WHAT THE TASK REQUIRES: A single figure is wanted: the count of lines below containing the string "dimension".
::::::::
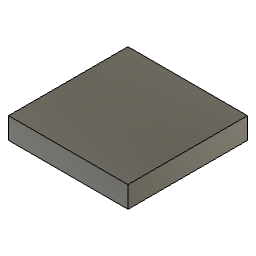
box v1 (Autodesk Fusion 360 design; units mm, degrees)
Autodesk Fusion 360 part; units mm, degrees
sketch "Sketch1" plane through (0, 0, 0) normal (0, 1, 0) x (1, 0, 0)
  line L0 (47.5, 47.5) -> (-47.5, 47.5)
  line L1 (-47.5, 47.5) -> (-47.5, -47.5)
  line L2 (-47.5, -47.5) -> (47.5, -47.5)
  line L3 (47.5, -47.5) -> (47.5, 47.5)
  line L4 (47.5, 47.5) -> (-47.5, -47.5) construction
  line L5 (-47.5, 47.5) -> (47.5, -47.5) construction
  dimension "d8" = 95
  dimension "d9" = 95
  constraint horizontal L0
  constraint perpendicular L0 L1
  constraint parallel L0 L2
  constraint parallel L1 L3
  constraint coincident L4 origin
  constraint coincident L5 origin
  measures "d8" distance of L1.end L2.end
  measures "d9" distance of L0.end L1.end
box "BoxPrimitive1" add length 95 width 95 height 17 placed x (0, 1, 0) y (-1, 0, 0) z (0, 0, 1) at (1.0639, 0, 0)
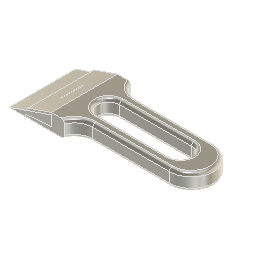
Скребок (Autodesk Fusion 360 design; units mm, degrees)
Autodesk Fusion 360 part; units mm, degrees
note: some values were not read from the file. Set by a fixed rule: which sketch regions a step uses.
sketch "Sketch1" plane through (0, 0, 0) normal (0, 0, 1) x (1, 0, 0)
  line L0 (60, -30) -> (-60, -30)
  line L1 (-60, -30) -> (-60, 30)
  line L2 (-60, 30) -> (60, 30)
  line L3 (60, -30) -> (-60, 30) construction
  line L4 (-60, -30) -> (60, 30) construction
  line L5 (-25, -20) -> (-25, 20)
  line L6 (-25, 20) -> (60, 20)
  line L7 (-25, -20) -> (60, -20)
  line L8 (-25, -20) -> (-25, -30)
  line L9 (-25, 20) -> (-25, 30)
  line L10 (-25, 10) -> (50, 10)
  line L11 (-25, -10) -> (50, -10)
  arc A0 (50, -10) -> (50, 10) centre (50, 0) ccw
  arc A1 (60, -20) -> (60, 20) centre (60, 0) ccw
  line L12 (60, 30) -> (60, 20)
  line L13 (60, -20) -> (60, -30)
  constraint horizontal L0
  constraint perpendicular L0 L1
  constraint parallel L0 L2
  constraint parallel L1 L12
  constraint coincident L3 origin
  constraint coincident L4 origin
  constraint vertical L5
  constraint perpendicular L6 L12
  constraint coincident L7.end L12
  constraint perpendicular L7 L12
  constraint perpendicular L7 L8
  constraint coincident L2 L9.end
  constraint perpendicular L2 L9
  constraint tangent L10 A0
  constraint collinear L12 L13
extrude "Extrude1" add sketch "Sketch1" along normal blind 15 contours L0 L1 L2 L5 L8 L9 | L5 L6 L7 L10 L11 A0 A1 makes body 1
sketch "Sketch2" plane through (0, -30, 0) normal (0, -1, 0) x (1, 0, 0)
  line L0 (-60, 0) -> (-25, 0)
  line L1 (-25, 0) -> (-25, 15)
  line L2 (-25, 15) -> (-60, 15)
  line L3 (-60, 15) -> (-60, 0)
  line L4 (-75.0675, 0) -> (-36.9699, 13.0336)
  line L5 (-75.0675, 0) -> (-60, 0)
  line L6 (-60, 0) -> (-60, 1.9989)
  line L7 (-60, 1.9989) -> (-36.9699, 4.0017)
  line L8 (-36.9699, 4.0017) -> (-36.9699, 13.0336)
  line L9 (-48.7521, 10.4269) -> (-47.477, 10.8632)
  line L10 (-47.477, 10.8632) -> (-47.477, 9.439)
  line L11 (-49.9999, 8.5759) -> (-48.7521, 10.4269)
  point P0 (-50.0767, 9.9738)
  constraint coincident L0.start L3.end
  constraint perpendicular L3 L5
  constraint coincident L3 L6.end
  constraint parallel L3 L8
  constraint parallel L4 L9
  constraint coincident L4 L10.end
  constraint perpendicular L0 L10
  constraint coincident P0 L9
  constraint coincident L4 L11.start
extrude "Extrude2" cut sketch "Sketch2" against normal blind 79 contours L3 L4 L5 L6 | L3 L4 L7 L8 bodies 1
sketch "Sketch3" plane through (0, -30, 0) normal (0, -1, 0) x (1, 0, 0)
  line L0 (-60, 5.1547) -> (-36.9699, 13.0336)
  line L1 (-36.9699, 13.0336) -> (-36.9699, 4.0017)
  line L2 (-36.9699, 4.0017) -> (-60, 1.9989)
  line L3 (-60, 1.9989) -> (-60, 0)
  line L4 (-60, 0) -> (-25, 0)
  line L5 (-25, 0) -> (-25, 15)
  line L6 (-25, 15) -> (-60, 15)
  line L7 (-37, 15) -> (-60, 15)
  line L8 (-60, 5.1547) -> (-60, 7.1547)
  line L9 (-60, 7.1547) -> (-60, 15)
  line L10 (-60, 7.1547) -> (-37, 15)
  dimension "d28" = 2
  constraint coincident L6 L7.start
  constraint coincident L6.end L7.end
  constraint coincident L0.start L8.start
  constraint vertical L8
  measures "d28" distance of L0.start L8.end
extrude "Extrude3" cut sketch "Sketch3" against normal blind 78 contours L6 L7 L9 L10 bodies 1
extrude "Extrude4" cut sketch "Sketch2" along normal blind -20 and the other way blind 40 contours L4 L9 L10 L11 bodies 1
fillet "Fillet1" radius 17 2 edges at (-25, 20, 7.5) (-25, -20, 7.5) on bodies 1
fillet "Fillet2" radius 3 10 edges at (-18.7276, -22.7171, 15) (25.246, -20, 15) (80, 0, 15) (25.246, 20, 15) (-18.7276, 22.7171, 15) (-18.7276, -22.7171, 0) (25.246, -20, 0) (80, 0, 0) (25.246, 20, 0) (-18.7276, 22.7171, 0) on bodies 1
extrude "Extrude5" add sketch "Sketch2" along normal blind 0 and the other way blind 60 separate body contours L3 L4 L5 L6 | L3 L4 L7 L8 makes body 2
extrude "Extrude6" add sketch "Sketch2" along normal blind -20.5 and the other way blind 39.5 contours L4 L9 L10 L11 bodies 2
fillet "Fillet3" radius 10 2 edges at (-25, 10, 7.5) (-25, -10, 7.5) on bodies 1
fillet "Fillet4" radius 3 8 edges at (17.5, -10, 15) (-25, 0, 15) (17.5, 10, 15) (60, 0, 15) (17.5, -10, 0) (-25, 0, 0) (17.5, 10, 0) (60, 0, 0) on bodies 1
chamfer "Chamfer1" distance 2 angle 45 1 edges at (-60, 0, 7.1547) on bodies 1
::::::::
WRITTEN RESPONSE: 3